Stored data entries:
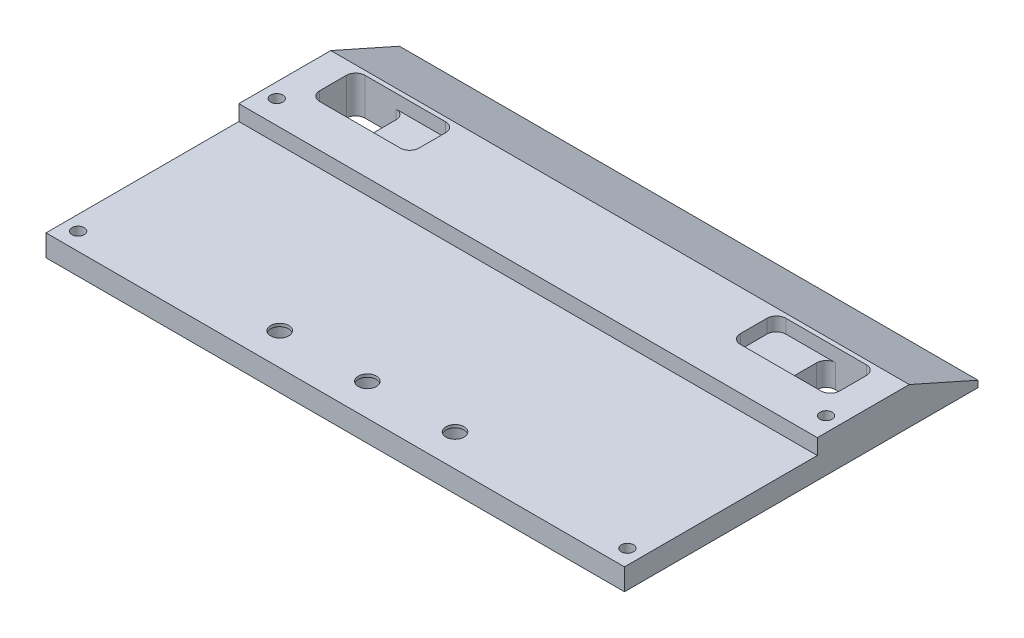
ISO-10303-21;
HEADER;
FILE_DESCRIPTION(('STEP AP214'),'2;1');
FILE_NAME('part.step','',(''),(''),'','','');
FILE_SCHEMA(('AUTOMOTIVE_DESIGN { 1 0 10303 214 1 1 1 1 }'));
ENDSEC;
DATA;
#1=APPLICATION_CONTEXT('core data for automotive mechanical design processes');
#2=APPLICATION_PROTOCOL_DEFINITION('international standard','automotive_design',2000,#1);
#3=PRODUCT_CONTEXT('',#1,'mechanical');
#4=PRODUCT('Part','Part','',(#3));
#5=PRODUCT_RELATED_PRODUCT_CATEGORY('part','',(#4));
#6=PRODUCT_DEFINITION_FORMATION('','',#4);
#7=PRODUCT_DEFINITION_CONTEXT('part definition',#1,'design');
#8=PRODUCT_DEFINITION('design','',#6,#7);
#9=PRODUCT_DEFINITION_SHAPE('','',#8);
#10=(LENGTH_UNIT() NAMED_UNIT(*) SI_UNIT(.MILLI.,.METRE.));
#11=(NAMED_UNIT(*) PLANE_ANGLE_UNIT() SI_UNIT($,.RADIAN.));
#12=(NAMED_UNIT(*) SI_UNIT($,.STERADIAN.) SOLID_ANGLE_UNIT());
#13=UNCERTAINTY_MEASURE_WITH_UNIT(LENGTH_MEASURE(1.E-05),#10,'distance_accuracy_value','');
#14=(GEOMETRIC_REPRESENTATION_CONTEXT(3) GLOBAL_UNCERTAINTY_ASSIGNED_CONTEXT((#13)) GLOBAL_UNIT_ASSIGNED_CONTEXT((#10,
#11,#12)) REPRESENTATION_CONTEXT('',''));
#15=CARTESIAN_POINT('',(0.,0.,0.));
#16=DIRECTION('',(0.,0.,1.));
#17=DIRECTION('',(1.,0.,0.));
#18=AXIS2_PLACEMENT_3D('',#15,#16,#17);
#19=CARTESIAN_POINT('',(-78.6,0.,-77.4));
#20=DIRECTION('',(0.,1.,0.));
#21=DIRECTION('',(0.,0.,1.));
#22=AXIS2_PLACEMENT_3D('',#19,#20,#21);
#23=CYLINDRICAL_SURFACE('',#22,1.6);
#24=CARTESIAN_POINT('',(-78.6,4.,-77.4));
#25=DIRECTION('',(0.,-1.,0.));
#26=DIRECTION('',(0.,0.,-1.));
#27=AXIS2_PLACEMENT_3D('',#24,#25,#26);
#28=CIRCLE('',#27,1.6);
#29=CARTESIAN_POINT('',(-78.6,4.,-79.));
#30=VERTEX_POINT('',#29);
#31=CARTESIAN_POINT('',(-77.,4.,-77.4));
#32=VERTEX_POINT('',#31);
#33=EDGE_CURVE('E286',#30,#32,#28,.T.);
#34=ORIENTED_EDGE('',*,*,#33,.T.);
#35=DIRECTION('',(0.,1.,0.));
#36=VECTOR('',#35,1.);
#37=CARTESIAN_POINT('',(-77.,0.,-77.4));
#38=LINE('',#37,#36);
#39=CARTESIAN_POINT('',(-77.,6.35,-77.4));
#40=VERTEX_POINT('',#39);
#41=EDGE_CURVE('E301',#32,#40,#38,.T.);
#42=ORIENTED_EDGE('',*,*,#41,.T.);
#43=CARTESIAN_POINT('',(-78.6,6.35,-77.4));
#44=DIRECTION('',(0.,1.,0.));
#45=DIRECTION('',(0.,0.,-1.));
#46=AXIS2_PLACEMENT_3D('',#43,#44,#45);
#47=CIRCLE('',#46,1.6);
#48=CARTESIAN_POINT('',(-78.6,6.35,-79.));
#49=VERTEX_POINT('',#48);
#50=EDGE_CURVE('E364',#40,#49,#47,.T.);
#51=ORIENTED_EDGE('',*,*,#50,.T.);
#52=DIRECTION('',(0.,1.,0.));
#53=VECTOR('',#52,1.);
#54=CARTESIAN_POINT('',(-78.6,0.,-79.));
#55=LINE('',#54,#53);
#56=EDGE_CURVE('E401',#30,#49,#55,.T.);
#57=ORIENTED_EDGE('',*,*,#56,.F.);
#58=EDGE_LOOP('',(#34,#42,#51,#57));
#59=FACE_BOUND('',#58,.T.);
#60=ADVANCED_FACE('F47',(#59),#23,.F.);
#61=CARTESIAN_POINT('',(-77.,0.,-77.4));
#62=DIRECTION('',(1.,0.,0.));
#63=DIRECTION('',(0.,0.,-1.));
#64=AXIS2_PLACEMENT_3D('',#61,#62,#63);
#65=PLANE('',#64);
#66=DIRECTION('',(0.,0.,1.));
#67=VECTOR('',#66,1.);
#68=CARTESIAN_POINT('',(-77.,4.,-72.83));
#69=LINE('',#68,#67);
#70=CARTESIAN_POINT('',(-77.,4.,-72.83));
#71=VERTEX_POINT('',#70);
#72=EDGE_CURVE('E289',#32,#71,#69,.T.);
#73=ORIENTED_EDGE('',*,*,#72,.T.);
#74=DIRECTION('',(0.,1.,0.));
#75=VECTOR('',#74,1.);
#76=CARTESIAN_POINT('',(-77.,0.,-72.83));
#77=LINE('',#76,#75);
#78=CARTESIAN_POINT('',(-77.,6.35,-72.83));
#79=VERTEX_POINT('',#78);
#80=EDGE_CURVE('E414',#71,#79,#77,.T.);
#81=ORIENTED_EDGE('',*,*,#80,.T.);
#82=DIRECTION('',(0.,0.,-1.));
#83=VECTOR('',#82,1.);
#84=CARTESIAN_POINT('',(-77.,6.35,-77.4));
#85=LINE('',#84,#83);
#86=EDGE_CURVE('E417',#79,#40,#85,.T.);
#87=ORIENTED_EDGE('',*,*,#86,.T.);
#88=ORIENTED_EDGE('',*,*,#41,.F.);
#89=EDGE_LOOP('',(#73,#81,#87,#88));
#90=FACE_BOUND('',#89,.T.);
#91=ADVANCED_FACE('F578',(#90),#65,.F.);
#92=CARTESIAN_POINT('',(-78.6,0.,-72.83));
#93=DIRECTION('',(0.,1.,0.));
#94=DIRECTION('',(0.,0.,1.));
#95=AXIS2_PLACEMENT_3D('',#92,#93,#94);
#96=CYLINDRICAL_SURFACE('',#95,1.6);
#97=CARTESIAN_POINT('',(-78.6,4.,-72.83));
#98=DIRECTION('',(0.,-1.,0.));
#99=DIRECTION('',(0.,0.,-1.));
#100=AXIS2_PLACEMENT_3D('',#97,#98,#99);
#101=CIRCLE('',#100,1.6);
#102=CARTESIAN_POINT('',(-78.6,4.,-71.23));
#103=VERTEX_POINT('',#102);
#104=EDGE_CURVE('E292',#71,#103,#101,.T.);
#105=ORIENTED_EDGE('',*,*,#104,.T.);
#106=DIRECTION('',(0.,1.,0.));
#107=VECTOR('',#106,1.);
#108=CARTESIAN_POINT('',(-78.6,0.,-71.23));
#109=LINE('',#108,#107);
#110=CARTESIAN_POINT('',(-78.6,6.35,-71.23));
#111=VERTEX_POINT('',#110);
#112=EDGE_CURVE('E412',#103,#111,#109,.T.);
#113=ORIENTED_EDGE('',*,*,#112,.T.);
#114=CARTESIAN_POINT('',(-78.6,6.35,-72.83));
#115=DIRECTION('',(0.,1.,0.));
#116=DIRECTION('',(0.,0.,1.));
#117=AXIS2_PLACEMENT_3D('',#114,#115,#116);
#118=CIRCLE('',#117,1.6);
#119=EDGE_CURVE('E420',#111,#79,#118,.T.);
#120=ORIENTED_EDGE('',*,*,#119,.T.);
#121=ORIENTED_EDGE('',*,*,#80,.F.);
#122=EDGE_LOOP('',(#105,#113,#120,#121));
#123=FACE_BOUND('',#122,.T.);
#124=ADVANCED_FACE('F585',(#123),#96,.F.);
#125=CARTESIAN_POINT('',(-92.4,0.,-71.23));
#126=DIRECTION('',(0.,0.,1.));
#127=DIRECTION('',(0.,-1.,0.));
#128=AXIS2_PLACEMENT_3D('',#125,#126,#127);
#129=PLANE('',#128);
#130=DIRECTION('',(0.,-1.,0.));
#131=VECTOR('',#130,1.);
#132=CARTESIAN_POINT('',(-87.1,4.,-71.23));
#133=LINE('',#132,#131);
#134=CARTESIAN_POINT('',(-87.1,4.,-71.23));
#135=VERTEX_POINT('',#134);
#136=CARTESIAN_POINT('',(-87.1,0.,-71.23));
#137=VERTEX_POINT('',#136);
#138=EDGE_CURVE('E275',#135,#137,#133,.T.);
#139=ORIENTED_EDGE('',*,*,#138,.T.);
#140=DIRECTION('',(1.,0.,0.));
#141=VECTOR('',#140,1.);
#142=CARTESIAN_POINT('',(-92.4,0.,-71.23));
#143=LINE('',#142,#141);
#144=CARTESIAN_POINT('',(-92.4,0.,-71.23));
#145=VERTEX_POINT('',#144);
#146=EDGE_CURVE('E403',#145,#137,#143,.T.);
#147=ORIENTED_EDGE('',*,*,#146,.F.);
#148=DIRECTION('',(0.,1.,0.));
#149=VECTOR('',#148,1.);
#150=CARTESIAN_POINT('',(-92.4,0.,-71.23));
#151=LINE('',#150,#149);
#152=CARTESIAN_POINT('',(-92.4,6.35,-71.23));
#153=VERTEX_POINT('',#152);
#154=EDGE_CURVE('E410',#145,#153,#151,.T.);
#155=ORIENTED_EDGE('',*,*,#154,.T.);
#156=DIRECTION('',(1.,0.,0.));
#157=VECTOR('',#156,1.);
#158=CARTESIAN_POINT('',(-92.4,6.35,-71.23));
#159=LINE('',#158,#157);
#160=EDGE_CURVE('E423',#153,#111,#159,.T.);
#161=ORIENTED_EDGE('',*,*,#160,.T.);
#162=ORIENTED_EDGE('',*,*,#112,.F.);
#163=DIRECTION('',(-1.,0.,0.));
#164=VECTOR('',#163,1.);
#165=CARTESIAN_POINT('',(-87.1,4.,-71.23));
#166=LINE('',#165,#164);
#167=EDGE_CURVE('E262',#103,#135,#166,.T.);
#168=ORIENTED_EDGE('',*,*,#167,.T.);
#169=EDGE_LOOP('',(#139,#147,#155,#161,#162,#168));
#170=FACE_BOUND('',#169,.T.);
#171=ADVANCED_FACE('F609',(#170),#129,.F.);
#172=CARTESIAN_POINT('',(-20.4,0.,-72.83));
#173=DIRECTION('',(0.,1.,0.));
#174=DIRECTION('',(0.,0.,1.));
#175=AXIS2_PLACEMENT_3D('',#172,#173,#174);
#176=CYLINDRICAL_SURFACE('',#175,1.6);
#177=CARTESIAN_POINT('',(-20.4,4.,-72.83));
#178=DIRECTION('',(0.,-1.,0.));
#179=DIRECTION('',(0.,0.,-1.));
#180=AXIS2_PLACEMENT_3D('',#177,#178,#179);
#181=CIRCLE('',#180,1.6);
#182=CARTESIAN_POINT('',(-20.4,4.,-71.23));
#183=VERTEX_POINT('',#182);
#184=CARTESIAN_POINT('',(-22.,4.,-72.83));
#185=VERTEX_POINT('',#184);
#186=EDGE_CURVE('E319',#183,#185,#181,.T.);
#187=ORIENTED_EDGE('',*,*,#186,.T.);
#188=DIRECTION('',(0.,1.,0.));
#189=VECTOR('',#188,1.);
#190=CARTESIAN_POINT('',(-22.,0.,-72.83));
#191=LINE('',#190,#189);
#192=CARTESIAN_POINT('',(-22.,6.35,-72.83));
#193=VERTEX_POINT('',#192);
#194=EDGE_CURVE('E393',#185,#193,#191,.T.);
#195=ORIENTED_EDGE('',*,*,#194,.T.);
#196=CARTESIAN_POINT('',(-20.4,6.35,-72.83));
#197=DIRECTION('',(0.,1.,0.));
#198=DIRECTION('',(0.,0.,-1.));
#199=AXIS2_PLACEMENT_3D('',#196,#197,#198);
#200=CIRCLE('',#199,1.6);
#201=CARTESIAN_POINT('',(-20.4,6.35,-71.23));
#202=VERTEX_POINT('',#201);
#203=EDGE_CURVE('E373',#193,#202,#200,.T.);
#204=ORIENTED_EDGE('',*,*,#203,.T.);
#205=DIRECTION('',(0.,1.,0.));
#206=VECTOR('',#205,1.);
#207=CARTESIAN_POINT('',(-20.4,0.,-71.23));
#208=LINE('',#207,#206);
#209=EDGE_CURVE('E391',#183,#202,#208,.T.);
#210=ORIENTED_EDGE('',*,*,#209,.F.);
#211=EDGE_LOOP('',(#187,#195,#204,#210));
#212=FACE_BOUND('',#211,.T.);
#213=ADVANCED_FACE('F612',(#212),#176,.F.);
#214=CARTESIAN_POINT('',(-22.,0.,-77.4));
#215=DIRECTION('',(-1.,0.,0.));
#216=DIRECTION('',(0.,0.,1.));
#217=AXIS2_PLACEMENT_3D('',#214,#215,#216);
#218=PLANE('',#217);
#219=DIRECTION('',(0.,0.,-1.));
#220=VECTOR('',#219,1.);
#221=CARTESIAN_POINT('',(-22.,4.,-77.4));
#222=LINE('',#221,#220);
#223=CARTESIAN_POINT('',(-22.,4.,-77.4));
#224=VERTEX_POINT('',#223);
#225=EDGE_CURVE('E340',#185,#224,#222,.T.);
#226=ORIENTED_EDGE('',*,*,#225,.T.);
#227=DIRECTION('',(0.,1.,0.));
#228=VECTOR('',#227,1.);
#229=CARTESIAN_POINT('',(-22.,0.,-77.4));
#230=LINE('',#229,#228);
#231=CARTESIAN_POINT('',(-22.,6.35,-77.4));
#232=VERTEX_POINT('',#231);
#233=EDGE_CURVE('E395',#224,#232,#230,.T.);
#234=ORIENTED_EDGE('',*,*,#233,.T.);
#235=DIRECTION('',(0.,0.,1.));
#236=VECTOR('',#235,1.);
#237=CARTESIAN_POINT('',(-22.,6.35,-77.4));
#238=LINE('',#237,#236);
#239=EDGE_CURVE('E370',#232,#193,#238,.T.);
#240=ORIENTED_EDGE('',*,*,#239,.T.);
#241=ORIENTED_EDGE('',*,*,#194,.F.);
#242=EDGE_LOOP('',(#226,#234,#240,#241));
#243=FACE_BOUND('',#242,.T.);
#244=ADVANCED_FACE('F711',(#243),#218,.F.);
#245=CARTESIAN_POINT('',(-20.4,0.,-77.4));
#246=DIRECTION('',(0.,1.,0.));
#247=DIRECTION('',(0.,0.,1.));
#248=AXIS2_PLACEMENT_3D('',#245,#246,#247);
#249=CYLINDRICAL_SURFACE('',#248,1.6);
#250=CARTESIAN_POINT('',(-20.4,4.,-77.4));
#251=DIRECTION('',(0.,-1.,0.));
#252=DIRECTION('',(0.,0.,-1.));
#253=AXIS2_PLACEMENT_3D('',#250,#251,#252);
#254=CIRCLE('',#253,1.6);
#255=CARTESIAN_POINT('',(-20.4,4.,-79.));
#256=VERTEX_POINT('',#255);
#257=EDGE_CURVE('E337',#224,#256,#254,.T.);
#258=ORIENTED_EDGE('',*,*,#257,.T.);
#259=DIRECTION('',(0.,1.,0.));
#260=VECTOR('',#259,1.);
#261=CARTESIAN_POINT('',(-20.4,0.,-79.));
#262=LINE('',#261,#260);
#263=CARTESIAN_POINT('',(-20.4,6.35,-79.));
#264=VERTEX_POINT('',#263);
#265=EDGE_CURVE('E397',#256,#264,#262,.T.);
#266=ORIENTED_EDGE('',*,*,#265,.T.);
#267=CARTESIAN_POINT('',(-20.4,6.35,-77.4));
#268=DIRECTION('',(0.,1.,0.));
#269=DIRECTION('',(0.,0.,1.));
#270=AXIS2_PLACEMENT_3D('',#267,#268,#269);
#271=CIRCLE('',#270,1.6);
#272=EDGE_CURVE('E367',#264,#232,#271,.T.);
#273=ORIENTED_EDGE('',*,*,#272,.T.);
#274=ORIENTED_EDGE('',*,*,#233,.F.);
#275=EDGE_LOOP('',(#258,#266,#273,#274));
#276=FACE_BOUND('',#275,.T.);
#277=ADVANCED_FACE('F706',(#276),#249,.F.);
#278=CARTESIAN_POINT('',(-6.6,0.,-79.));
#279=DIRECTION('',(0.,0.,-1.));
#280=DIRECTION('',(0.,1.,0.));
#281=AXIS2_PLACEMENT_3D('',#278,#279,#280);
#282=PLANE('',#281);
#283=DIRECTION('',(0.,-1.,0.));
#284=VECTOR('',#283,1.);
#285=CARTESIAN_POINT('',(-11.9,4.,-79.));
#286=LINE('',#285,#284);
#287=CARTESIAN_POINT('',(-11.9,4.,-79.));
#288=VERTEX_POINT('',#287);
#289=CARTESIAN_POINT('',(-11.9,0.,-79.));
#290=VERTEX_POINT('',#289);
#291=EDGE_CURVE('E305',#288,#290,#286,.T.);
#292=ORIENTED_EDGE('',*,*,#291,.T.);
#293=DIRECTION('',(-1.,0.,0.));
#294=VECTOR('',#293,1.);
#295=CARTESIAN_POINT('',(-6.6,0.,-79.));
#296=LINE('',#295,#294);
#297=CARTESIAN_POINT('',(-6.6,0.,-79.));
#298=VERTEX_POINT('',#297);
#299=EDGE_CURVE('E348',#298,#290,#296,.T.);
#300=ORIENTED_EDGE('',*,*,#299,.F.);
#301=DIRECTION('',(0.,1.,0.));
#302=VECTOR('',#301,1.);
#303=CARTESIAN_POINT('',(-6.6,0.,-79.));
#304=LINE('',#303,#302);
#305=CARTESIAN_POINT('',(-6.59999999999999,6.35,-79.));
#306=VERTEX_POINT('',#305);
#307=EDGE_CURVE('E360',#298,#306,#304,.T.);
#308=ORIENTED_EDGE('',*,*,#307,.T.);
#309=DIRECTION('',(-1.,0.,0.));
#310=VECTOR('',#309,1.);
#311=CARTESIAN_POINT('',(-6.6,6.35,-79.));
#312=LINE('',#311,#310);
#313=EDGE_CURVE('E363',#306,#264,#312,.T.);
#314=ORIENTED_EDGE('',*,*,#313,.T.);
#315=ORIENTED_EDGE('',*,*,#265,.F.);
#316=DIRECTION('',(1.,0.,0.));
#317=VECTOR('',#316,1.);
#318=CARTESIAN_POINT('',(-11.9,4.,-79.));
#319=LINE('',#318,#317);
#320=EDGE_CURVE('E334',#256,#288,#319,.T.);
#321=ORIENTED_EDGE('',*,*,#320,.T.);
#322=EDGE_LOOP('',(#292,#300,#308,#314,#315,#321));
#323=FACE_BOUND('',#322,.T.);
#324=ADVANCED_FACE('F702',(#323),#282,.F.);
#325=CARTESIAN_POINT('',(-99.,0.,-91.5));
#326=DIRECTION('',(0.,0.,1.));
#327=DIRECTION('',(1.,0.,0.));
#328=AXIS2_PLACEMENT_3D('',#325,#326,#327);
#329=PLANE('',#328);
#330=DIRECTION('',(0.,-1.,0.));
#331=VECTOR('',#330,1.);
#332=CARTESIAN_POINT('',(0.,0.,-91.5));
#333=LINE('',#332,#331);
#334=CARTESIAN_POINT('',(0.,1.11307171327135,-91.5));
#335=VERTEX_POINT('',#334);
#336=CARTESIAN_POINT('',(0.,0.,-91.5));
#337=VERTEX_POINT('',#336);
#338=EDGE_CURVE('E466',#335,#337,#333,.T.);
#339=ORIENTED_EDGE('',*,*,#338,.T.);
#340=DIRECTION('',(1.,0.,0.));
#341=VECTOR('',#340,1.);
#342=CARTESIAN_POINT('',(-99.,0.,-91.5));
#343=LINE('',#342,#341);
#344=CARTESIAN_POINT('',(-99.,0.,-91.5));
#345=VERTEX_POINT('',#344);
#346=EDGE_CURVE('E11',#345,#337,#343,.T.);
#347=ORIENTED_EDGE('',*,*,#346,.F.);
#348=DIRECTION('',(0.,-1.,0.));
#349=VECTOR('',#348,1.);
#350=CARTESIAN_POINT('',(-99.,0.,-91.5));
#351=LINE('',#350,#349);
#352=CARTESIAN_POINT('',(-99.,1.11307171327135,-91.5));
#353=VERTEX_POINT('',#352);
#354=EDGE_CURVE('E481',#353,#345,#351,.T.);
#355=ORIENTED_EDGE('',*,*,#354,.F.);
#356=DIRECTION('',(1.,0.,0.));
#357=VECTOR('',#356,1.);
#358=CARTESIAN_POINT('',(-99.,1.11307171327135,-91.5));
#359=LINE('',#358,#357);
#360=EDGE_CURVE('E502',#353,#335,#359,.T.);
#361=ORIENTED_EDGE('',*,*,#360,.T.);
#362=EDGE_LOOP('',(#339,#347,#355,#361));
#363=FACE_BOUND('',#362,.T.);
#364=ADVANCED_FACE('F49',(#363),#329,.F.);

Work to be completed =
Repeat the entries above verbatim, but only from the line that has "#161=ORIENTED_EDGE('',*,*,#160,.T.);" down to the line that has "#220=VECTOR('',#219,1.);", inclusive.

Your solution =
#161=ORIENTED_EDGE('',*,*,#160,.T.);
#162=ORIENTED_EDGE('',*,*,#112,.F.);
#163=DIRECTION('',(-1.,0.,0.));
#164=VECTOR('',#163,1.);
#165=CARTESIAN_POINT('',(-87.1,4.,-71.23));
#166=LINE('',#165,#164);
#167=EDGE_CURVE('E262',#103,#135,#166,.T.);
#168=ORIENTED_EDGE('',*,*,#167,.T.);
#169=EDGE_LOOP('',(#139,#147,#155,#161,#162,#168));
#170=FACE_BOUND('',#169,.T.);
#171=ADVANCED_FACE('F609',(#170),#129,.F.);
#172=CARTESIAN_POINT('',(-20.4,0.,-72.83));
#173=DIRECTION('',(0.,1.,0.));
#174=DIRECTION('',(0.,0.,1.));
#175=AXIS2_PLACEMENT_3D('',#172,#173,#174);
#176=CYLINDRICAL_SURFACE('',#175,1.6);
#177=CARTESIAN_POINT('',(-20.4,4.,-72.83));
#178=DIRECTION('',(0.,-1.,0.));
#179=DIRECTION('',(0.,0.,-1.));
#180=AXIS2_PLACEMENT_3D('',#177,#178,#179);
#181=CIRCLE('',#180,1.6);
#182=CARTESIAN_POINT('',(-20.4,4.,-71.23));
#183=VERTEX_POINT('',#182);
#184=CARTESIAN_POINT('',(-22.,4.,-72.83));
#185=VERTEX_POINT('',#184);
#186=EDGE_CURVE('E319',#183,#185,#181,.T.);
#187=ORIENTED_EDGE('',*,*,#186,.T.);
#188=DIRECTION('',(0.,1.,0.));
#189=VECTOR('',#188,1.);
#190=CARTESIAN_POINT('',(-22.,0.,-72.83));
#191=LINE('',#190,#189);
#192=CARTESIAN_POINT('',(-22.,6.35,-72.83));
#193=VERTEX_POINT('',#192);
#194=EDGE_CURVE('E393',#185,#193,#191,.T.);
#195=ORIENTED_EDGE('',*,*,#194,.T.);
#196=CARTESIAN_POINT('',(-20.4,6.35,-72.83));
#197=DIRECTION('',(0.,1.,0.));
#198=DIRECTION('',(0.,0.,-1.));
#199=AXIS2_PLACEMENT_3D('',#196,#197,#198);
#200=CIRCLE('',#199,1.6);
#201=CARTESIAN_POINT('',(-20.4,6.35,-71.23));
#202=VERTEX_POINT('',#201);
#203=EDGE_CURVE('E373',#193,#202,#200,.T.);
#204=ORIENTED_EDGE('',*,*,#203,.T.);
#205=DIRECTION('',(0.,1.,0.));
#206=VECTOR('',#205,1.);
#207=CARTESIAN_POINT('',(-20.4,0.,-71.23));
#208=LINE('',#207,#206);
#209=EDGE_CURVE('E391',#183,#202,#208,.T.);
#210=ORIENTED_EDGE('',*,*,#209,.F.);
#211=EDGE_LOOP('',(#187,#195,#204,#210));
#212=FACE_BOUND('',#211,.T.);
#213=ADVANCED_FACE('F612',(#212),#176,.F.);
#214=CARTESIAN_POINT('',(-22.,0.,-77.4));
#215=DIRECTION('',(-1.,0.,0.));
#216=DIRECTION('',(0.,0.,1.));
#217=AXIS2_PLACEMENT_3D('',#214,#215,#216);
#218=PLANE('',#217);
#219=DIRECTION('',(0.,0.,-1.));
#220=VECTOR('',#219,1.);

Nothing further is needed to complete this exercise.